Вокруг сидели люди. Несколько майоров из академии транспорта и тыла, несколько знакомых студентов с филологического факультета, несколько испитых личностей с грустными и подавленными лицами. «Бони-М» бодро распевал: «Распутин – лав машин», бармен Витя стоял несокрушимо за барной стойкой, вяло перебирая пивные кружки, под потолком скапливался сизый дым от табака, и я вдруг понял, что мы все просто находимся в плену обыденности. Наш мир был, в сущности, только то, что можно было потрогать, понюхать, посмотреть, а посмотреть, по правде говоря, было не на что! Из картины пропахшего дымом кабака мы делали вывод об устройстве мира, а путеводителем становился любой энергичный дурак, дорвавшийся до кафедры.

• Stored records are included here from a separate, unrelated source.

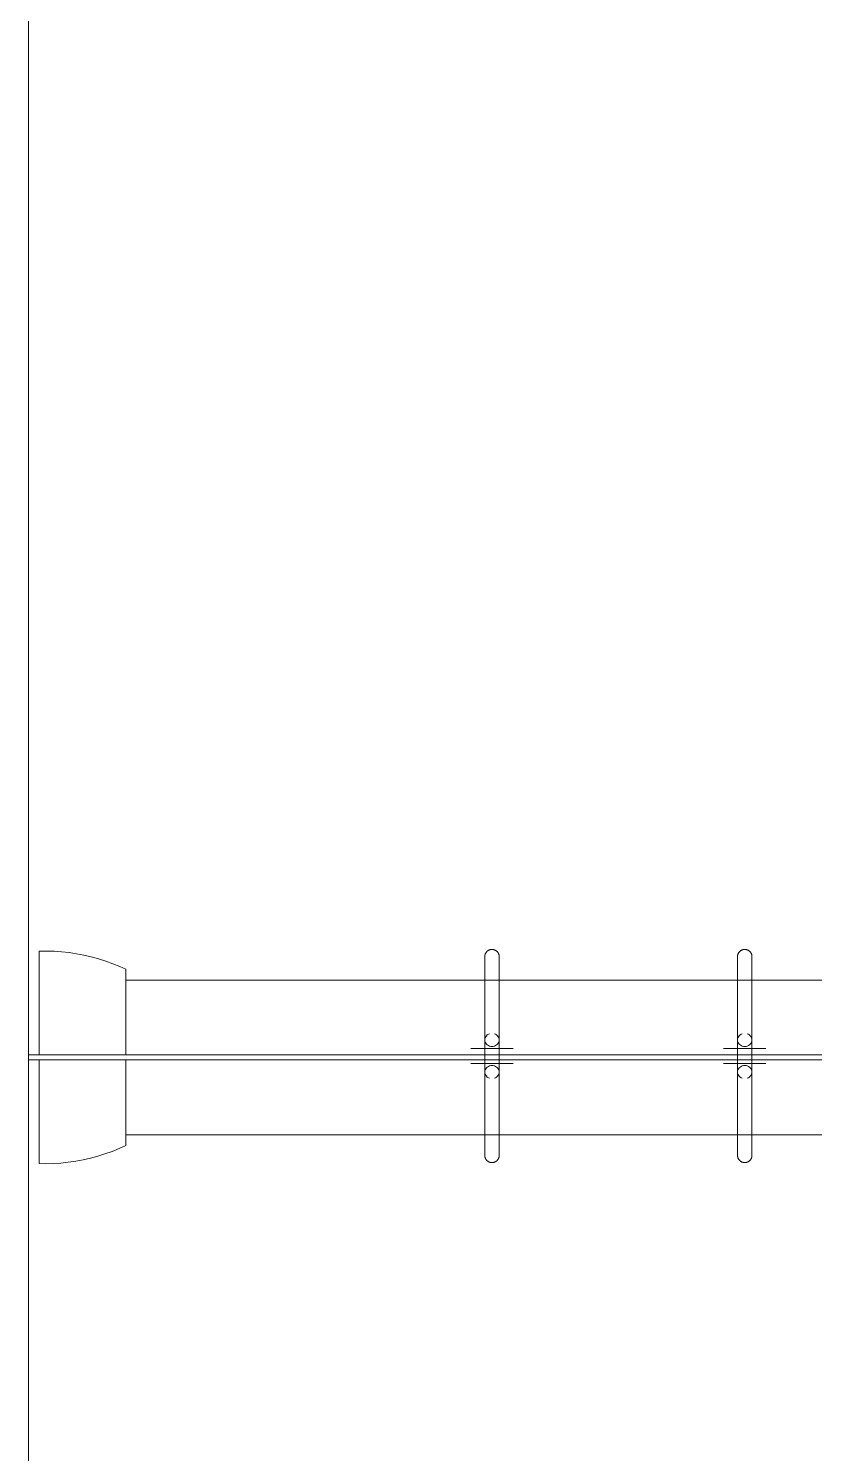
# Model space of a CAD drawing. Header units: inches. Extents: x 899 to 4491, y -721 to 1008.
# Drawn here: x 2187.09 to 2192.18, y 407.16 to 416.38 of the extents above; entities that cross this region are included whole.
import ezdxf

# ---------------------------------------------------------------- set-up
doc = ezdxf.new("R2010")
doc.units = ezdxf.units.IN
doc.header["$MEASUREMENT"] = 0
doc.layers.add('A-WALL', color=113, linetype='Continuous', lineweight=13)
doc.layers.add('P-SANR-FIXT', color=6, linetype='Continuous', lineweight=13)

# ---------------------------------------------------------------- blocks, each defined once
blk = doc.blocks.new('Accessory_Shower_Bobrick_Vinyl-Shower-Curtain - 70 Wide-7268769-FIRST FLOOR CONSTRUCTION')
at = {"layer": 'P-SANR-FIXT', "lineweight": 9}
for p, q in [((-9.0463, 0.6081), (-9.0463, 0.1128)), ((-8.9526, 0.1128), (-8.9526, 0.6081)), ((-7.41, 0.6081), (-7.41, 0.1128)), ((-7.3162, 0.1128), (-7.3162, 0.6081)), ((-12, 0.0156), (12, 0.0156)), ((-12, 0.0156), (-12, -0.0156)), ((-9.1373, 0.0575), (-8.8627, 0.0575)), ((-8.8627, 0.0575), (-9.1373, 0.0575)), ((-9.0713, 0.0575), (-8.9287, 0.0575)), ((-8.9287, 0.0575), (-9.0713, 0.0575)), ((-7.5009, 0.0575), (-7.2264, 0.0575)), ((-7.2264, 0.0575), (-7.5009, 0.0575)), ((-7.4349, 0.0575), (-7.2924, 0.0575)), ((-7.2924, 0.0575), (-7.4349, 0.0575)), ((12, -0.0156), (-12, -0.0156)), ((-9.1373, -0.0402), (-8.8627, -0.0402)), ((-8.8627, -0.0402), (-9.1373, -0.0402)), ((-9.0713, -0.0402), (-8.9287, -0.0402)), ((-8.9287, -0.0402), (-9.0713, -0.0402)), ((-7.5009, -0.0402), (-7.2264, -0.0402)), ((-7.2264, -0.0402), (-7.5009, -0.0402)), ((-7.4349, -0.0402), (-7.2924, -0.0402)), ((-7.2924, -0.0402), (-7.4349, -0.0402)), ((-9.0463, -0.0947), (-9.0463, -0.59)), ((-8.9526, -0.59), (-8.9526, -0.0947)), ((-7.41, -0.0947), (-7.41, -0.59)), ((-7.3162, -0.59), (-7.3162, -0.0947))]:
    blk.add_line(p, q, dxfattribs=at)
at = {"layer": 'P-SANR-FIXT', "lineweight": 9, "flags": 128}
for points in [[(-9.0463, 0.6516), (-9.0463, 0.6535), (-9.0462, 0.6553), (-9.046, 0.6572), (-9.0457, 0.659), (-9.0454, 0.6609), (-9.045, 0.6627), (-9.0445, 0.6645), (-9.044, 0.6663), (-9.0433, 0.6681), (-9.0426, 0.6698), (-9.0419, 0.6715), (-9.041, 0.6732), (-9.0401, 0.6749), (-9.0392, 0.6765), (-9.0381, 0.678), (-9.0371, 0.6796), (-9.0359, 0.6811), (-9.0347, 0.6825), (-9.0334, 0.6839), (-9.0321, 0.6852), (-9.0307, 0.6865), (-9.0293, 0.6877), (-9.0279, 0.6889), (-9.0263, 0.69), (-9.0248, 0.691), (-9.0232, 0.692), (-9.0216, 0.6929), (-9.0199, 0.6938), (-9.0182, 0.6946), (-9.0164, 0.6953), (-9.0147, 0.6959), (-9.0129, 0.6965), (-9.0111, 0.697), (-9.0093, 0.6974), (-9.0074, 0.6978), (-9.0056, 0.6981), (-9.0037, 0.6983), (-9.0018, 0.6984), (-9, 0.6984), (-8.9995, 0.6985)], [(-9.0463, 0.6516), (-9.0463, 0.6511), (-9.0463, 0.6495), (-9.0463, 0.647), (-9.0463, 0.6434), (-9.0463, 0.6388), (-9.0463, 0.6332), (-9.0463, 0.6266), (-9.0463, 0.619), (-9.0463, 0.6104), (-9.0463, 0.6009), (-9.0463, 0.5904), (-9.0463, 0.579), (-9.0463, 0.5666), (-9.0463, 0.5534), (-9.0463, 0.5393), (-9.0463, 0.5244), (-9.0463, 0.5087), (-9.0463, 0.4921), (-9.0463, 0.4748), (-9.0463, 0.4567), (-9.0463, 0.4379), (-9.0463, 0.4184), (-9.0463, 0.3983), (-9.0463, 0.3775), (-9.0463, 0.3562), (-9.0463, 0.3343), (-9.0463, 0.3119), (-9.0463, 0.289), (-9.0463, 0.2656), (-9.0463, 0.2419), (-9.0463, 0.2177), (-9.0463, 0.1933), (-9.0463, 0.1685), (-9.0463, 0.1435), (-9.0463, 0.1182), (-9.0463, 0.0928), (-9.0463, 0.0673), (-9.0463, 0.0417), (-9.0463, 0.016), (-9.0463, -0.0097), (-9.0463, -0.0354), (-9.0463, -0.061), (-9.0463, -0.0865), (-9.0463, -0.1118), (-9.0463, -0.1369), (-9.0463, -0.1619), (-9.0463, -0.1865), (-9.0463, -0.2108), (-9.0463, -0.2348), (-9.0463, -0.2584), (-9.0463, -0.2815), (-9.0463, -0.3042), (-9.0463, -0.3264), (-9.0463, -0.348), (-9.0463, -0.3691), (-9.0463, -0.3896), (-9.0463, -0.4094), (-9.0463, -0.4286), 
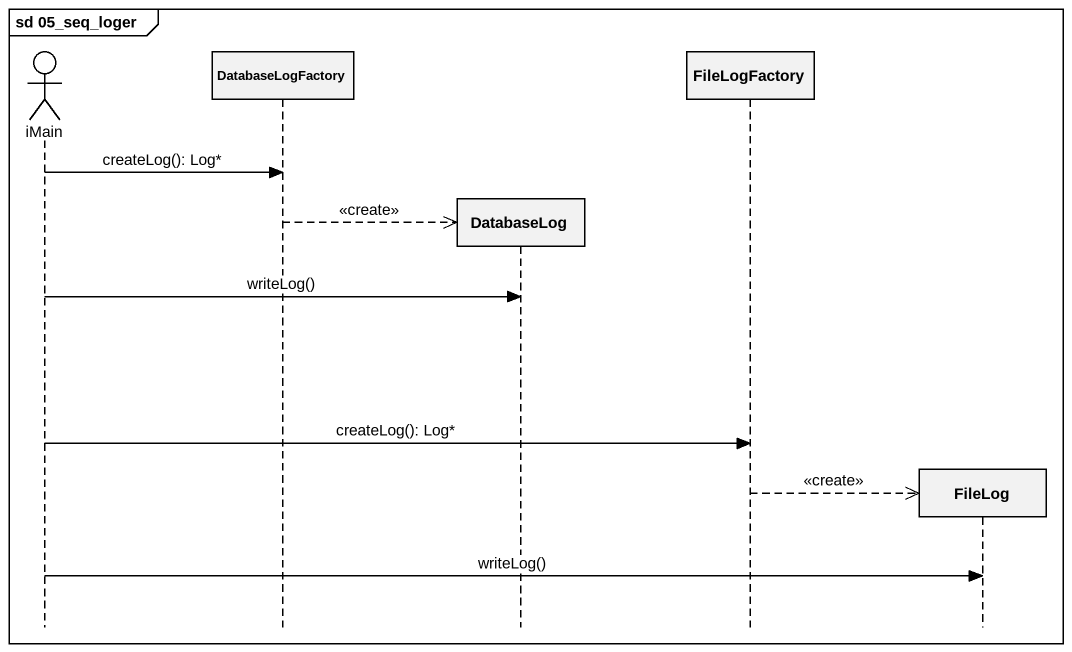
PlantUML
@startuml
mainframe sd 05_seq_loger
hide footbox
actor iMain
participant DatabaseLogFactory
participant DatabaseLog
participant FileLogFactory
participant FileLog

iMain -> DatabaseLogFactory : createLog(): Log*
DatabaseLogFactory -->> DatabaseLog ** : <<create>>
iMain -> DatabaseLog : writeLog()
iMain -> FileLogFactory : createLog(): Log*
FileLogFactory -->> FileLog ** : <<create>>
iMain -> FileLog : writeLog()
@enduml

– Андре, кому ты больше веришь, – спросил я решительно, – Федору Достоевскому или Владимиру Ленину?
– Н-н-ну-у-у…
– Ладно мычать. Ты говори прямо. Как на духу.
– Достоевскому, конечно.
Я поднял кружку.
– И я. Давай! За Федора Михайловича!
На следующий день я пришел в районную библиотеку и попросил «все, что есть Достоевского». В наличии оказались все тридцать томов Полного собрания сочинений писателя. И начал я с «Преступления и наказания».
Влезал я в Федора Михайловича с трудом. Несколько раз хотелось просто дать ему в морду. За грязных больных людей, за бесконечные истерики и припадки, за любовь к страданиям, болезням, нищете, слезам, юродству! Для пацана с улицы Народной, спортсмена с наклонностями хулигана, для честолюбца и прагматика советской закваски, все это было мучительно, неудобно, невтерпеж. И однако же я шел напролом, многое не понимая, многое пропуская, к неведомой цели, которая сияла сквозь бурелом и обещала отрадную истину.
Много лет спустя мне довелось прочитать интервью с Анатолием Чубайсом, который вспоминал свой собственный опыт прочтения Достоевского. С похвальной откровенностью он признался, что писателя ненавидит. За то самое. За истерики и юродства, за православную веру, от которой веет мракобесием, за болезненных героев и воспевание страданий… словом за все то, что я сам пережил, что понять могу, за что не могу осуждать Толика, и не буду. Меня поразило тогда другое. Чубайса стали осуждать. Именно любители Достоевского! Главным образом за черствость! Никому и в голову не пришло, что Чубайс своим признанием поднял писателя на новую высоту. Чубайс и милосердие несовместимы! Чубайс и христианство несовместимы! Чубайс и вера в бессмертие несовместимы! Чубайс нанес бы Федору Михайловичу болезненный удар, если бы признался в любви к нему или хотя бы в симпатии.